Mental Health Budget Update: 2011-2012
On the heels of what will be one of the largest advocacy fights in many years (the fight to insure that large MCO’s don’t take over mental health services in New York), we are also faced with a difficult budget.
This year’s proposed budget is very general and it is hard to decipher specific targeted areas, but here is a very brief top of the trees analysis:
A) Community Budget:
We are in the process of finding out specifically where cuts will occur. The budget narrative does not define specific cuts, but does say, “Funding reductions in certain community supported programs including children’s clinic plus, non-direct services such as training and education, as well as local administration.”
The narrative does reference restructuring of non-residential OMH programs including CDT. At the same time the language also references support for PROS program.
All told, the administration proposes a total cut of $27 million to the community budget. Given the already increasing pressure on community providers, this will only make things even more difficult in this environment. This will be a major budget advocacy priority over the next several months.
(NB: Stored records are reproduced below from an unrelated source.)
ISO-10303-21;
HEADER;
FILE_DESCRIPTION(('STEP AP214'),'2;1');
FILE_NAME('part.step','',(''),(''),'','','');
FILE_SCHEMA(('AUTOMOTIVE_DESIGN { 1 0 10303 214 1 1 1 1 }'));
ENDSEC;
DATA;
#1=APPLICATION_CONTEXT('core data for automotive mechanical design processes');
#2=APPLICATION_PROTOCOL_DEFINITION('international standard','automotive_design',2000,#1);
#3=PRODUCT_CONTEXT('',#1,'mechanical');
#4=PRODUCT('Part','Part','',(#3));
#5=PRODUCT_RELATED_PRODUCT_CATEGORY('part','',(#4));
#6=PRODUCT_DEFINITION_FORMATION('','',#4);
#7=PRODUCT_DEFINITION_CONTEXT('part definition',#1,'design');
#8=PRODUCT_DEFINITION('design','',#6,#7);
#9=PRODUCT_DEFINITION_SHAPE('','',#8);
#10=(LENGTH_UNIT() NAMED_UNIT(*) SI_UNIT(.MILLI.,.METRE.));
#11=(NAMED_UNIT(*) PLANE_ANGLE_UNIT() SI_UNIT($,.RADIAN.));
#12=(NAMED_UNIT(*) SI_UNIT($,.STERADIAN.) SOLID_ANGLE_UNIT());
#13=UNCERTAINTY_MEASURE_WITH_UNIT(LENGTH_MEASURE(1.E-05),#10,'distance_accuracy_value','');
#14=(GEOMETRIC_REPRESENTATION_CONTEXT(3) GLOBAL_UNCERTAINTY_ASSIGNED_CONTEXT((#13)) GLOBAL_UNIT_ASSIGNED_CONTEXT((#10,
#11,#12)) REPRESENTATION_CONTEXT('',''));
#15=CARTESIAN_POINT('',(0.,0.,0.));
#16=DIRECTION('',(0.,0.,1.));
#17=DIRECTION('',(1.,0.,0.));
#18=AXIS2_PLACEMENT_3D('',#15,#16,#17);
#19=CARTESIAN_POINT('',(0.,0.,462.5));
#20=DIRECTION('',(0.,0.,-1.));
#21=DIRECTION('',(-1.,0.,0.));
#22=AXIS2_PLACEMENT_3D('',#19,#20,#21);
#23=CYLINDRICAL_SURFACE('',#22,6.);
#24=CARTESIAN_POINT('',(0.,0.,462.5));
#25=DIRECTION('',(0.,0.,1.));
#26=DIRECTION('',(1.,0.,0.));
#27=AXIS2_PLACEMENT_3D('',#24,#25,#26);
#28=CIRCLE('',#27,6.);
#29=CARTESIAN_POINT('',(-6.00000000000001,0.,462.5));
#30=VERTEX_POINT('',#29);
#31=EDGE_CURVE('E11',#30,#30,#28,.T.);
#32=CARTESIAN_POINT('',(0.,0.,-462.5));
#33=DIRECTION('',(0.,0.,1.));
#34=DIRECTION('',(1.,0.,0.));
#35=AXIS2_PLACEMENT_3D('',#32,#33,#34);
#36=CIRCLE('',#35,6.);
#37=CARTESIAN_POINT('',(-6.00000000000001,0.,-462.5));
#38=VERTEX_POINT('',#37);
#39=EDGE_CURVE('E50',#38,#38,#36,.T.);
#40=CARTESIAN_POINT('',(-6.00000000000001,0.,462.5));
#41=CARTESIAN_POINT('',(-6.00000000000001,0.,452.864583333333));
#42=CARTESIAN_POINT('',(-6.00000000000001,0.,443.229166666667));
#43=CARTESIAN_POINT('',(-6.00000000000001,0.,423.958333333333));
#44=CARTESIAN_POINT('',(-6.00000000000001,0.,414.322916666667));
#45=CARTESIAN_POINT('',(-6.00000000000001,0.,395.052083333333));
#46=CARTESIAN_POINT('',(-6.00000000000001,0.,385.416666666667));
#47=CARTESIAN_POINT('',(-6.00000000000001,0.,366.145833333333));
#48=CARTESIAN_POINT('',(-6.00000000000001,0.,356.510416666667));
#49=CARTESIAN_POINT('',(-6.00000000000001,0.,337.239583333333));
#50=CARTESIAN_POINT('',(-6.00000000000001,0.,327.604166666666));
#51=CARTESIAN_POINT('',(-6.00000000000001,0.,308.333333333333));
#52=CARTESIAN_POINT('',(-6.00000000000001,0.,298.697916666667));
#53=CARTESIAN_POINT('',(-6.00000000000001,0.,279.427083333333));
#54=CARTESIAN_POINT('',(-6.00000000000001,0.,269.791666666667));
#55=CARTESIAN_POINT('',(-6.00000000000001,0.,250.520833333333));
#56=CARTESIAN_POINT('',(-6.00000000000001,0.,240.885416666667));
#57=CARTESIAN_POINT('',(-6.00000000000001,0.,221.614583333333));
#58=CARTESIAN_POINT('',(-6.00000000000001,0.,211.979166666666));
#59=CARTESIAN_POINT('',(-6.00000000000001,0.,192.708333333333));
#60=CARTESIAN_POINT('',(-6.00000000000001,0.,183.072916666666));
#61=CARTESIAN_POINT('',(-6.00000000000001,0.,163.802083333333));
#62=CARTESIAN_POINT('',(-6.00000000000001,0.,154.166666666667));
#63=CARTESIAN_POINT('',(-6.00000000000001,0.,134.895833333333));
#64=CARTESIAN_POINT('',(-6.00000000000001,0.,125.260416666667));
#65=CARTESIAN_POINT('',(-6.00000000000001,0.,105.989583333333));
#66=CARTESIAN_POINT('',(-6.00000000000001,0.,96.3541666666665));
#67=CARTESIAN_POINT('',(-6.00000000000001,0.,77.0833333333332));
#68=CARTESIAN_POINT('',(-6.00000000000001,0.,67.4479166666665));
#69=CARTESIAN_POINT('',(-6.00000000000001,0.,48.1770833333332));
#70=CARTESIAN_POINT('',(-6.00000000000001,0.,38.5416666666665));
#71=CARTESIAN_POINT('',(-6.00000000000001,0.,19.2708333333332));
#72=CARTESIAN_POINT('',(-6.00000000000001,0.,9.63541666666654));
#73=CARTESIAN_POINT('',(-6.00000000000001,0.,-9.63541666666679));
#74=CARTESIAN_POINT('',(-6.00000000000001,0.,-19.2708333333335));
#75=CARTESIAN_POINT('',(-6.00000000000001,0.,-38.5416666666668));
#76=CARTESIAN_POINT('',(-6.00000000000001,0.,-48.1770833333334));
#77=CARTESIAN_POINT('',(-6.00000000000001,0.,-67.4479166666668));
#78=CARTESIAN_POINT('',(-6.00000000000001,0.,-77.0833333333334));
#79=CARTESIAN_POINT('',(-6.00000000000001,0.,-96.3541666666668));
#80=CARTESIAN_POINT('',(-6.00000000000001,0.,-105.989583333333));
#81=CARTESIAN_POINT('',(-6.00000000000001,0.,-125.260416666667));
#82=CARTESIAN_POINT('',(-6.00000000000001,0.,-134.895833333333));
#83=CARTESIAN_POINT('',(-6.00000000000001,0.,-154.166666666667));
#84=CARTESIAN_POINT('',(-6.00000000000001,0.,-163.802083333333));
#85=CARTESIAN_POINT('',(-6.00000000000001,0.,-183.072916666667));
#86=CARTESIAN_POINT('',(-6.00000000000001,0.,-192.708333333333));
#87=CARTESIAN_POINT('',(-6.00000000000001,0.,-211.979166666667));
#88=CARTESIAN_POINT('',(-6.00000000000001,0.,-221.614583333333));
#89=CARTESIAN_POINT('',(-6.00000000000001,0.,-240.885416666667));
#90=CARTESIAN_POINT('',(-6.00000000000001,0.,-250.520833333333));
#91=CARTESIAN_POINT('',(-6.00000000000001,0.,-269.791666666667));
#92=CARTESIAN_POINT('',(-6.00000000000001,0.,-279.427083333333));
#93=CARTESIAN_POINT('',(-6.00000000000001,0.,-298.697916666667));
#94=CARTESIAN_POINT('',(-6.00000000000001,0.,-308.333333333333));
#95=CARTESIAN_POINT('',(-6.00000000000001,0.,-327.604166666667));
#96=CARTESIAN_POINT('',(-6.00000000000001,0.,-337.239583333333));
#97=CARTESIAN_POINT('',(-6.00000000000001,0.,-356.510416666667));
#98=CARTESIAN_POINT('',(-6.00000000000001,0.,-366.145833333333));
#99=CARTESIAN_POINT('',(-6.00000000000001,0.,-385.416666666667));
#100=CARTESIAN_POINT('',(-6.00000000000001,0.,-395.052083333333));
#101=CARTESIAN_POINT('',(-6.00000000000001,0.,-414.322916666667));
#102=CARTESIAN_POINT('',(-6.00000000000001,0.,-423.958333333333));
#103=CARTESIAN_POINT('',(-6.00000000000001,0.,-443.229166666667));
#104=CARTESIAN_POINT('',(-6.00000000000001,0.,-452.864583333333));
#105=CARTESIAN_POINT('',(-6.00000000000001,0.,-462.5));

For the third year in a row, there are no new COLA’s in the budget for the human services workforce. In the budget narrative, there is the intention by the administration to extend the COLA through state fiscal year 2014-15. My understanding is that means that though there is language not to provide the COLA for this year, there is a state commitment to continue the COLA in fiscal year—2012-2013 and 2014-15
The budget proposes freezing the development of all new community residential programs for one year. The budget also calls for the maintenance of existing rates for OMH residential facilities and community residential/family based treatment.
B) State Operations:
The Governor has called for ten percent decreases in General Fund spending for the Office of Mental Health. They intend to meet that target by the rightsizing of government, increasing efficiencies and reducing workforce spending. The are no specifics attached to how this ten percent cut will be achieved.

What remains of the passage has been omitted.